The US ponders military action against ISIS in Libya

The Guardian

Pentagon looking at ‘military options’ to stop Islamic State from gaining more ground, four years after US air campaign helped topple Libyan dictator Gaddafi

An image made available by propaganda Islamist media outlet Welayat Tarablos allegedly shows members of Isis parading in a street in Libya’s coastal city of Sirte. Photograph: AFP/Getty Images
An image made available by propaganda Islamist media outlet Welayat Tarablos allegedly shows members of Isis parading in a street in Libya’s coastal city of Sirte. Photograph: AFP/Getty Images

 

The Pentagon is considering fresh military action in Libya more than four years after conducting an air campaign that helped topple dictator Muammar Gaddafi, a spokesman said on Wednesday.

Officials are currently “looking at military options” to stop the Islamic State militant group from gaining ground in another oil-rich Mideast nation, said Pentagon spokesman Peter Cook.

At present, US efforts in Libya are focussed on identifying local allies to work with, for what a senior military officer has envisioned as a “decisive” confrontation with Isis.

US warplanes ceased operations after Gaddafi’s body was dragged through the streets of Tripoli in October 2011, and since then a security vacuum has persisted in the country, prompting lingering questions about the wisdom of the US intervention.

Those questions intensified after four Americans, including a US ambassador, were killed in Benghazi the following year.

They have persisted as one of the intervention’s advocates within the Obama administration, former secretary of state Hillary Clinton, campaigns for the presidency. Senator Ted Cruz, a leading contender for Republican candidacy, has said the Libya war made “no sense”.

Cook acknowledged that the “metastasis” of Isis beyond its primary base in Iraq and Syria has prompted the Pentagon to revisit the question of a renewed war in Libya.

A “small group” of US forces had made contact with Libyan militiamen, “simply to get a sense of who the players are”, Cook said, amid a fractured security landscape with multiple and overlapping combatants.

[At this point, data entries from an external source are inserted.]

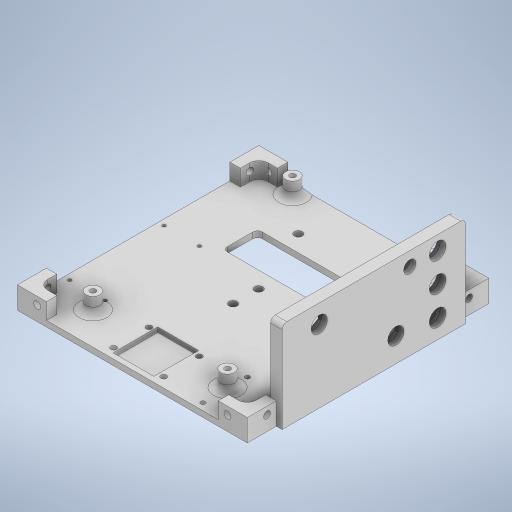
# Autodesk Inventor part: TA07 ELECTRONICS MOUNT REV 3
Saved by Autodesk Inventor 2024 (Build 280153000, 153)
## iProperties
Created: 2023-06-26
Part Number: TA07 ELECTRONICS MOUNT REV 3
Material: Generic
Document SubType Name: Modeling
Designer: TEST BENCH
Density: 1 g/cm^3
Appearance: Default
Author: TEST BENCH
Autodesk Inventor part; units mm, degrees
note: some values were not read from the file. Chosen so that the rebuilt part matches the saved one: direction of "Hole6"; direction of "Hole7".
ref_plane "YZ Plane" through (0, 0, 0) normal (1, 0, 0) x (0, 1, 0)
sketch "Sketch1" plane through (0, 0, 0) normal (0, 1, 0) x (-1, 0, 0)
  line L0 (0, 0) -> (99, 0)
  line L1 (99, 0) -> (99, -104)
  line L2 (99, -104) -> (0, -104)
  line L3 (0, -104) -> (0, 0)
  line L4 (61.8, -4.22) -> (40.2, -4.22) construction
  line L5 (40.2, -4.22) -> (40.2, -19.47) construction
  line L6 (40.2, -19.47) -> (61.8, -19.47) construction
  line L7 (61.8, -19.47) -> (61.8, -4.22) construction
  line L8 (52.5, -46.37) -> (52.5, -57.37) construction
  line L9 (64.5, -86.5) -> (37.5, -86.5) construction
  line L10 (65.8, 0) -> (36.2, 0)
  line L11 (36.2, 0) -> (36.2, -0.22)
  line L12 (36.2, -0.22) -> (65.8, -0.22)
  line L13 (65.8, -0.22) -> (65.8, 0)
  point P0 (51, -4.22)
  point P1 (36.2, 0)
  dimension "d0" = 104
  dimension "d1" = 99
  dimension "d2" = 11
  dimension "d3" = 27
  dimension "d5" = 15.25
  dimension "d6" = 21.6
  dimension "d8" = 26.9
  dimension "d11" = 17.5
  dimension "d12" = 4
  dimension "d13" = 4
  dimension "d14" = 4
  dimension "d147" = 29.13
  dimension "d202" = 2.7
  dimension "d203" = 61.5
  dimension "d204" = 46.5
  constraints: 28 end point, 8 parallel, 4 coincident, 3 horizontal, 3 perpendicular, 1 midpoint, 1 point on line
  measures "d0" distance of L0.end L1.end
  measures "d1" distance of L1.end L2.end
  measures "d2" distance of L8.end L8.start
  measures "d3" distance of L9.end L9.start
  measures "d5" distance of L6.end L4.start
  measures "d6" distance of L4.start L4.end
  measures "d8" vertical distance of L8.start L6.end
  measures "d11" distance from line of L2 L9.start
  measures "d12" distance between parallel lines of L13 L7
  measures "d13" distance from line of L12 point (51, -4.22)
  measures "d14" distance between parallel lines of L5 L11
  measures "d147" vertical distance of L9.end L8.end
  measures "d202" horizontal distance of L5.end L9.end
  measures "d203" horizontal distance of L1.end L9.end
  measures "d204" distance from line of L1 L8.end
extrude "Extrusion1" add sketch "Sketch1" against normal blind 2.5
hole "Hole1" at (-61.8, 0, -19.47) at (-61.8, 0, -4.22) at (-40.2, 0, -4.22) at (-40.2, 0, -19.47) direction (0, -1, 0) diameter 2.5 end through all
hole "Hole2" at (-52.5, 0, -46.37) at (-52.5, 0, -57.37) at (-64.5, 0, -86.5) at (-37.5, 0, -86.5) direction (0, -1, 0) diameter 3.5 end through all
sketch "Sketch2" plane through (0, -2.5, 0) normal (0, -1, 0) x (1, 0, 0)
  line L0 (-81.26, -20) -> (-96.5, -20) construction
  line L1 (-96.5, -20) -> (-96.5, -60.64) construction
  line L2 (-96.5, -60.64) -> (-81.26, -60.64) construction
  line L3 (-81.26, -60.64) -> (-81.26, -20) construction
  line L4 (-3, -36) -> (-22, -36) construction
  line L5 (-22, -36) -> (-22, -92) construction
  line L6 (-22, -92) -> (-3, -92) construction
  line L7 (-3, -92) -> (-3, -36) construction
  line L8 (-22.035, -3) -> (-22.035, -22.05) construction
  line L9 (0, -104) -> (0, 0) construction
  line L10 (-99, -104) -> (0, -104) projected
  line L11 (-12.035, -6) -> (-24.035, -6)
  line L12 (-24.035, -6) -> (-24.035, -19.05)
  line L13 (-24.035, -19.05) -> (-12.035, -19.05)
  line L14 (-12.035, -19.05) -> (-12.035, -6)
  line L15 (-0.525, -0.525) -> (-8.525, -0.525)
  line L16 (-8.525, -0.525) -> (-8.525, -24.525)
  line L17 (-8.525, -24.525) -> (-0.525, -24.525)
  line L18 (-0.525, -24.525) -> (-0.525, -0.525)
  line L19 (-0.9653, -37.5) -> (-7.5262, -37.5)
  line L20 (-7.5262, -37.5) -> (-7.5262, -51.2095)
  line L21 (-7.5262, -51.2095) -> (-0.9653, -51.2095)
  line L22 (-0.9653, -51.2095) -> (-0.9653, -37.5)
  line L23 (-13.4891, -37.5) -> (-25, -37.5)
  line L24 (-25, -37.5) -> (-25, -90.5)
  line L25 (-25, -90.5) -> (-13.4891, -90.5)
  line L26 (-13.4891, -90.5) -> (-13.4891, -37.5)
  line L27 (-79.76, -21.5) -> (-98, -21.5)
  line L28 (-98, -21.5) -> (-98, -59.14)
  line L29 (-98, -59.14) -> (-79.76, -59.14)
  line L30 (-79.76, -59.14) -> (-79.76, -21.5)
  circle A0 centre (-52.5, -57.37) radius 1.75 construction
  circle A1 centre (-64.5, -86.5) radius 1.75 construction
  line L31 (-25, -64.435) -> (-75, -64.435)
  line L32 (-75, -64.435) -> (-75, -79.435)
  line L33 (-75, -79.435) -> (-25, -79.435)
  line L34 (-25, -79.435) -> (-25, -64.435)
  line L35 (-99, 0) -> (-99, -104) projected
  line L36 (-82.7648, -21.5) -> (-94.7648, -21.5)
  line L37 (-94.7648, -21.5) -> (-94.7648, -6)
  line L38 (-94.7648, -6) -> (-82.7648, -6)
  line L39 (-82.7648, -6) -> (-82.7648, -21.5)
  line L40 (-2.5, -28.2417) -> (-10.5305, -28.2417)
  line L41 (-10.5305, -28.2417) -> (-10.5305, -31.9874)
  line L42 (-10.5305, -31.9874) -> (-2.5, -31.9874)
  line L43 (-2.5, -31.9874) -> (-2.5, -28.2417)
  line L44 (-0.191, -24.844) -> (-24.829, -24.844) construction
  line L45 (-24.829, -24.844) -> (-24.829, -0.206) construction
  line L46 (-24.829, -0.206) -> (-0.191, -0.206) construction
  line L47 (-0.191, -0.206) -> (-0.191, -24.844) construction
  line L48 (0, 0) -> (-99, 0) construction
  point P0 (-96.5, -60.64)
  point P1 (-24.035, -12.525)
  point P2 (-4.525, -24.525)
  point P3 (-4.525, -0.525)
  point P4 (-19.2445, -90.5)
  point P5 (-88.88, -20)
  point P6 (-8.525, -12.525)
  point P7 (-0.525, -12.525)
  point P8 (-25, -79.435)
  point P9 (-88.88, -21.5)
  point P10 (-75, -71.935)
  point P11 (-2.5, -30.1145)
  dimension "d32" = 19.05
  dimension "d33" = 19
  dimension "d34" = 56
  dimension "d35" = 3
  dimension "d36" = 12
  dimension "d39" = 40.64
  dimension "d40" = 15.24
  dimension "d42" = 3
  dimension "d43" = 3
  dimension "d44" = 12
  dimension "d46" = 24
  dimension "d47" = 2.475
  dimension "d48" = 1.5
  dimension "d49" = 1.5
  dimension "d50" = 1.5
  dimension "d51" = 1.5
  dimension "d52" = 1.5
  dimension "d53" = 1.5
  dimension "d56" = 15
  dimension "d58" = 50
  dimension "d59" = 8
  dimension "d148" = 1
  dimension "d189" = 29.13
  dimension "d190" = 14.565
  dimension "d191" = 25
  dimension "d192" = 12
  dimension "d193" = 15.5
  dimension "d196" = 2.5
  dimension "d221" = 24.638
  dimension "d222" = 24.638
  dimension "d223" = 2.794
  dimension "d224" = 3
  dimension "d226" = 0.334
  dimension "d227" = 0.794
  dimension "d229" = 2.794
  dimension "d230" = 0.525
  dimension "d231" = 0.525
  constraints: 90 end point, 22 parallel, 11 horizontal, 11 perpendicular, 10 coincident, 10 midpoint, 2 point on line, 1 collinear, 1 vertical
  measures "d32" distance of L8.start L8.end
  measures "d33" distance of L5.end L6.end
  measures "d34" distance of L6.end L4.start
  measures "d35" distance between parallel lines of L9 L7
  measures "d36" distance between parallel lines of L10 L6
  measures "d39" distance of L2.end L0.start
  measures "d40" distance of L0.start L0.end
  measures "d42" distance from line of L8.start L11
  measures "d43" distance from line of L8.end L13
  measures "d44" distance from line of point (-24.035, -12.525) L14
  measures "d46" distance of point (-4.525, -24.525) point (-4.525, -0.525)
  measures "d47" distance from line of L15 point (-22.035, -3)
  measures "d48" distance from line of L4.end L23
  measures "d49" vertical distance of L5.end point (-19.245, -90.5)
  measures "d50" distance from line of L0.start L27
  measures "d51" distance from line of L2.end L29
  measures "d52" distance from line of point (-96.5, -60.64) L28
  measures "d53" distance between parallel lines of L3 L30
  measures "d56" distance between parallel lines of L33 L31
  measures "d58" distance between parallel lines of L32 L34
  measures "d59" distance of point (-8.525, -12.525) point (-0.525, -12.525)
  measures "d148" distance between parallel lines of L35 L28
  measures "d189" vertical distance of A0.centre A1.centre
  measures "d190" vertical distance of A1.centre point (-75, -71.935)
  measures "d191" distance between parallel lines of L9 L24
  measures "d192" distance between parallel lines of L37 L39
  measures "d193" distance between parallel lines of L27 L38
  measures "d196" distance from line of L9 point (-2.5, -30.115)
  measures "d221" distance of L46.end L44.start
  measures "d222" distance between parallel lines of L45 L47
  measures "d223" distance from line of L46 point (-22.035, -3)
  measures "d224" distance from line of L48 point (-22.035, -3)
  measures "d226" distance between parallel lines of L47 L18
  measures "d227" distance between parallel lines of L45 L12
  measures "d229" distance between parallel lines of L45 L8
  measures "d230" distance between parallel lines of L48 L15
  measures "d231" distance between parallel lines of L9 L18
extrude "Extrusion2" cut sketch "Sketch2" against normal through all
hole "Hole3" at (-81.26, -2.5, -20) at (-81.26, -2.5, -60.64) at (-96.5, -2.5, -60.64) at (-96.5, -2.5, -20) direction (0, 1, 0) diameter 1.5 end through all
hole "Hole4" at (-22.035, -2.5, -22.05) at (-22.035, -2.5, -3) direction (0, 1, 0) diameter 2 end through all
hole "Hole5" at (-3, -2.5, -36) at (-22, -2.5, -36) at (-3, -2.5, -92) at (-22, -2.5, -92) direction (0, 1, 0) diameter 2.5 end through all
sketch "Sketch3" plane through (0, 0, 0) normal (0, 1, 0) x (1, 0, 0)
  line L0 (-60.05, 2.22) -> (-42.45, 2.22)
  line L1 (-42.45, 2.22) -> (-42.45, 21.47)
  line L2 (-42.45, 21.47) -> (-60.05, 21.47)
  line L3 (-60.05, 21.47) -> (-60.05, 2.22)
  circle A0 centre (-61.8, 4.22) radius 1.25 projected
  circle A1 centre (-40.2, 4.22) radius 1.25 projected
  circle A2 centre (-40.2, 19.47) radius 1.25 projected
  point P0 (0, 0)
  dimension "d83" = 3
  dimension "d84" = 2
  dimension "d86" = 1
  dimension "d146" = 2
  constraints: 8 end point, 2 parallel, 1 horizontal, 1 perpendicular
  measures "d84" distance from line of A1.centre L0
  measures "d86" distance edge to line of A2 L1
  measures "d146" distance from line of A2.centre L2
extrude "Extrusion3" cut sketch "Sketch3" against normal through all contours L3 L2 L1 L0
sketch "Sketch4" plane through (0, 0, 0) normal (0, 1, 0) x (1, 0, 0)
  line L0 (-80.5, 14) -> (-22.5, 14) construction
  line L1 (-22.5, 14) -> (-22.5, 100) construction
  line L2 (-22.5, 100) -> (-80.5, 100) construction
  line L3 (-80.5, 100) -> (-80.5, 14) construction
  circle A0 centre (-80.5, 14) radius 3
  circle A1 centre (-80.5, 14) radius 1.25
  circle A2 centre (-80.5, 100) radius 3
  circle A3 centre (-80.5, 100) radius 1.25
  circle A4 centre (-22.5, 100) radius 3
  circle A5 centre (-22.5, 100) radius 1.25
  circle A6 centre (-22.5, 14) radius 3
  circle A7 centre (-22.5, 14) radius 1.25
  line L4 (-99, 0) -> (0, 0) projected
  line L5 (-99, 104) -> (-99, 0) projected
  line L6 (0, 104) -> (-99, 104) projected
  point P0 (-65.136, 0)
  point P1 (-64.63, 0)
  dimension "d90" = 18.5
  dimension "d91" = 86
  dimension "d92" = 58
  dimension "d93" = 2.5
  dimension "d94" = 2.5
  dimension "d95" = 2.5
  dimension "d96" = 2.5
  dimension "d97" = 6
  dimension "d98" = 6
  dimension "d99" = 6
  dimension "d100" = 6
  dimension "d167" = 4
  constraints: 8 centre point, 8 coincident, 8 end point, 2 parallel, 1 horizontal, 1 perpendicular
  measures "d90" distance from line of L5 L0.start
  measures "d91" distance of L2.end L0.start
  measures "d92" distance of L0.start L0.end
  measures "d93" diameter of A1
  measures "d94" diameter of A3
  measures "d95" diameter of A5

Although the US personnel are likely to be special operations forces, Cook did not specify how many of them had taken part in the mission, nor if they were still operating in Libya. Cook portrayed the contact as closer to a broad assessment mission than the so-called “shaping operations” that precede imminent combat.

“We are extremely worried about the metastasis of Isil in a number of locations, Libya being just one of those locations,” Cook said.

In recent weeks, the Pentagon has forecasted an expanded effort worldwide against a jihadist army whose persistence and reach have taken the world by surprise. Defense secretary Ashton Carter said in a speech that beyond Iraq and Syria, the US would launch a “flexible and nimble response” against Isis in its north African strongholds and elsewhere, citing a November strike in Libya that killed an accused Isis leader.

Last week, the senior US military officer, joint chiefs of staff chairman General Joseph Dunford, said he and his French counterpart were preparing for “decisive military action” against Isis in Libya. Dunford said he desired nesting a military campaign within a political settlement that has eluded Libya and its foreign allies since the downfall of Gaddafi.

In December, the presence of a US special forces unit in Libya was revealed after photographs of the troops were posted on a Libyan military Facebook page. The incident was preceded by an attempt at making contact with potential allies amongst Libyan forces. Cook did not clarify whether the December foray was the only one, but occasionally used the present tense to refer to the outreach.

“They’re trying to get a clearer picture of what’s happening there, and they’ve made contact with people on the ground to try and get a better sense not only of the threat that [Isis] poses there but the dynamic on the ground in terms of the security situation,” Cook said.

“We’re looking for partners who can give us a better sense of the security situation, and it’s not just the United States that has a keen interest here, it is our foreign partners as well.”